I have some information for those who are interested in finishing 80% lowers.  I speak from experience using the equipment noted.  This system uses a hand-held router. I would strongly advise anyone wanting to try this method to purchase a so-called 95% lower. American Spirit is one and I decided that IF I decide to build another this would be my choice.  In my mind, the accuracy of the side-to-side mill out where the rear upper lug inserts into the lower should have a minimal play.  This was not the case with the 80%'er (lower) I built.  I have devised a 'fix' for my lowers error- but I digress.

I purchased a MODULUS jig and lower.  Their innovation was to be an improvement from the run-of-the-mill jigs inasmuch as MODULUS had a system to set up on the center line, making the jig universal to AR-15 lowers.  A nicely done manual explained how to set-up, drill and mill out the fire control cavities; and was followed precisely.  It is cleaned up with a 1/4" four flute carbide cutter.  In my opinion, at 25,000 rpm the 1/4" cutter has excessive run-out.  In this case it was 6061 and not 7075 aluminum.  I don't know if there would have been more of a problem with 7075 or not.  With the 95% lower the rear cavity is already cut and chances of screwing up the lower are less.

If you want to try the router system I have the following suggestions: 1) Purchase a router speed control such as from Harbor Freight ($20.00) and crank it way down.  (2) Watch very closely for any center line shift (mounting screw play) when changing back and forth from drilling plate to router plate as you progress.  (3) Keep in mind that the chatter can cause the mill to plunge if it is not really tight. (4) Do not lean on the 1/4" cutter as the shaft is extended and you will induce run out.
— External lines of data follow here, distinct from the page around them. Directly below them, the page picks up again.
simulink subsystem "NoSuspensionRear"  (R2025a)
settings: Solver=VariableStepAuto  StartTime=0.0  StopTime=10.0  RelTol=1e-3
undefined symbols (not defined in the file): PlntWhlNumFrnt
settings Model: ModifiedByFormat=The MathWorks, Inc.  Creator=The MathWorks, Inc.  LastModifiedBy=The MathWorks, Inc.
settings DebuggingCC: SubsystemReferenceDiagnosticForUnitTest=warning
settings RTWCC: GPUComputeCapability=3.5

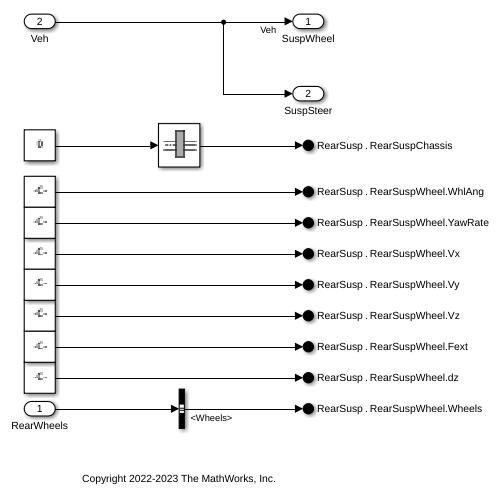
[thumbnail: Simulink's stored preview of the top-level diagram]
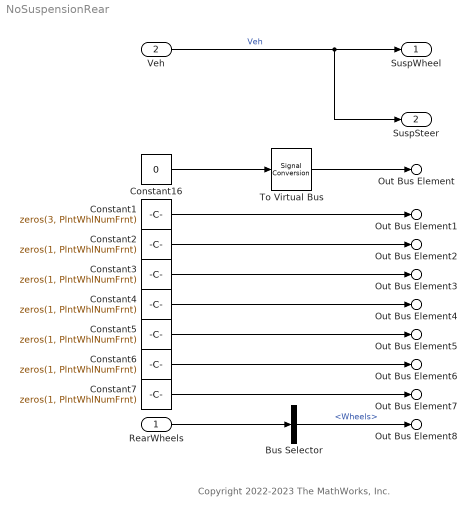
== system NoSuspensionRear ==
  note: Copyright 2022-2023 The MathWorks, Inc.
  RearWheels : Inport
  Veh : Inport  Port=2
  Bus Selector : BusSelector  OutputSignals=Wheels
  Constant1 : Constant  Value=zeros(3, PlntWhlNumFrnt)  SampleTime=Inf
  Constant16 : Constant  Value=0  OutDataTypeStr=Bus: RearSuspChassisBUS  SampleTime=Inf
  Constant{2..7} (6 alike) : Constant  Value=zeros(1, PlntWhlNumFrnt)  SampleTime=Inf
  To Virtual Bus : SignalConversion  ConversionOutput=Virtual bus  OverrideOpt=off
  SuspWheel : Outport
  SuspSteer : Outport  Port=2
  Out Bus Element : Outport  Port=3  PortName=RearSusp  Element=RearSuspChassis
  Out Bus Element1 : Outport  Port=3  PortName=RearSusp  Element=RearSuspWheel.WhlAng
  Out Bus Element2 : Outport  Port=3  PortName=RearSusp  Element=RearSuspWheel.YawRate
  Out Bus Element3 : Outport  Port=3  PortName=RearSusp  Element=RearSuspWheel.Vx
  Out Bus Element4 : Outport  Port=3  PortName=RearSusp  Element=RearSuspWheel.Vy
  Out Bus Element5 : Outport  Port=3  PortName=RearSusp  Element=RearSuspWheel.Vz
  Out Bus Element6 : Outport  Port=3  PortName=RearSusp  Element=RearSuspWheel.Fext
  Out Bus Element7 : Outport  Port=3  PortName=RearSusp  Element=RearSuspWheel.dz
  Out Bus Element8 : Outport  Port=3  PortName=RearSusp  Element=RearSuspWheel.Wheels
  wires:
  Constant5/1 -> Out Bus Element5/1
  Constant4/1 -> Out Bus Element4/1
  Constant1/1 -> Out Bus Element1/1
  Constant3/1 -> Out Bus Element3/1
  Constant7/1 -> Out Bus Element7/1
  Constant6/1 -> Out Bus Element6/1
  Constant2/1 -> Out Bus Element2/1
  Bus Selector/1 -> Out Bus Element8/1  "<Wheels>"
  RearWheels/1 -> Bus Selector/1
  To Virtual Bus/1 -> Out Bus Element/1
  Constant16/1 -> To Virtual Bus/1
  Veh/1 -> SuspWheel/1, SuspSteer/1  "Veh"
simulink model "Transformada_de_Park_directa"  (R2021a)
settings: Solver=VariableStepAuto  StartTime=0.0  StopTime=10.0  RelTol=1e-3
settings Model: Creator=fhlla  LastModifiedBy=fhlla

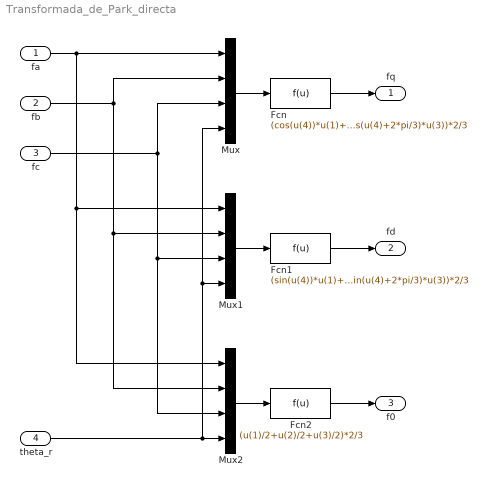
== system Transformada_de_Park_directa ==
  "fa " : Inport
  "fb " : Inport  Port=2
  "fc " : Inport  Port=3
  theta_r : Inport  Port=4
  Fcn : Fcn  Expr=(cos(u(4))*u(1)+cos(u(4)-2*pi/3)*u(2)+cos(u(4)+2*pi/3)*u(3))*2/3
  Fcn1 : Fcn  Expr=(sin(u(4))*u(1)+sin(u(4)-2*pi/3)*u(2)+sin(u(4)+2*pi/3)*u(3))*2/3
  Fcn2 : Fcn  Expr=(u(1)/2+u(2)/2+u(3)/2)*2/3
  Mux : Mux
  Mux1 : Mux
  Mux2 : Mux
  fq : Outport
  fd : Outport  Port=2
  f0 : Outport  Port=3
  wires:
  Mux2/1 -> Fcn2/1
  "fb "/1 -> Mux1/2, Mux2/2, Mux/2
  Fcn1/1 -> fd/1
  theta_r/1 -> Mux/4, Mux1/4, Mux2/4
  "fa "/1 -> Mux/1, Mux1/1, Mux2/1
  Fcn/1 -> fq/1
  Mux1/1 -> Fcn1/1
  Fcn2/1 -> f0/1
  Mux/1 -> Fcn/1
  "fc "/1 -> Mux1/3, Mux2/3, Mux/3

Maybe this will be of help to anyone wanting to try a router.

I tried to write this evaluation on AR15.com but was kicked off their forum, as well as another guy I don't know for "PIMPING" a product.  Does this sound like I'm pimping MODULUS  >:(  I hope maybe some of the people from there also come here so they can see it was evaluated it like I said it would be.  ;)  Thanks!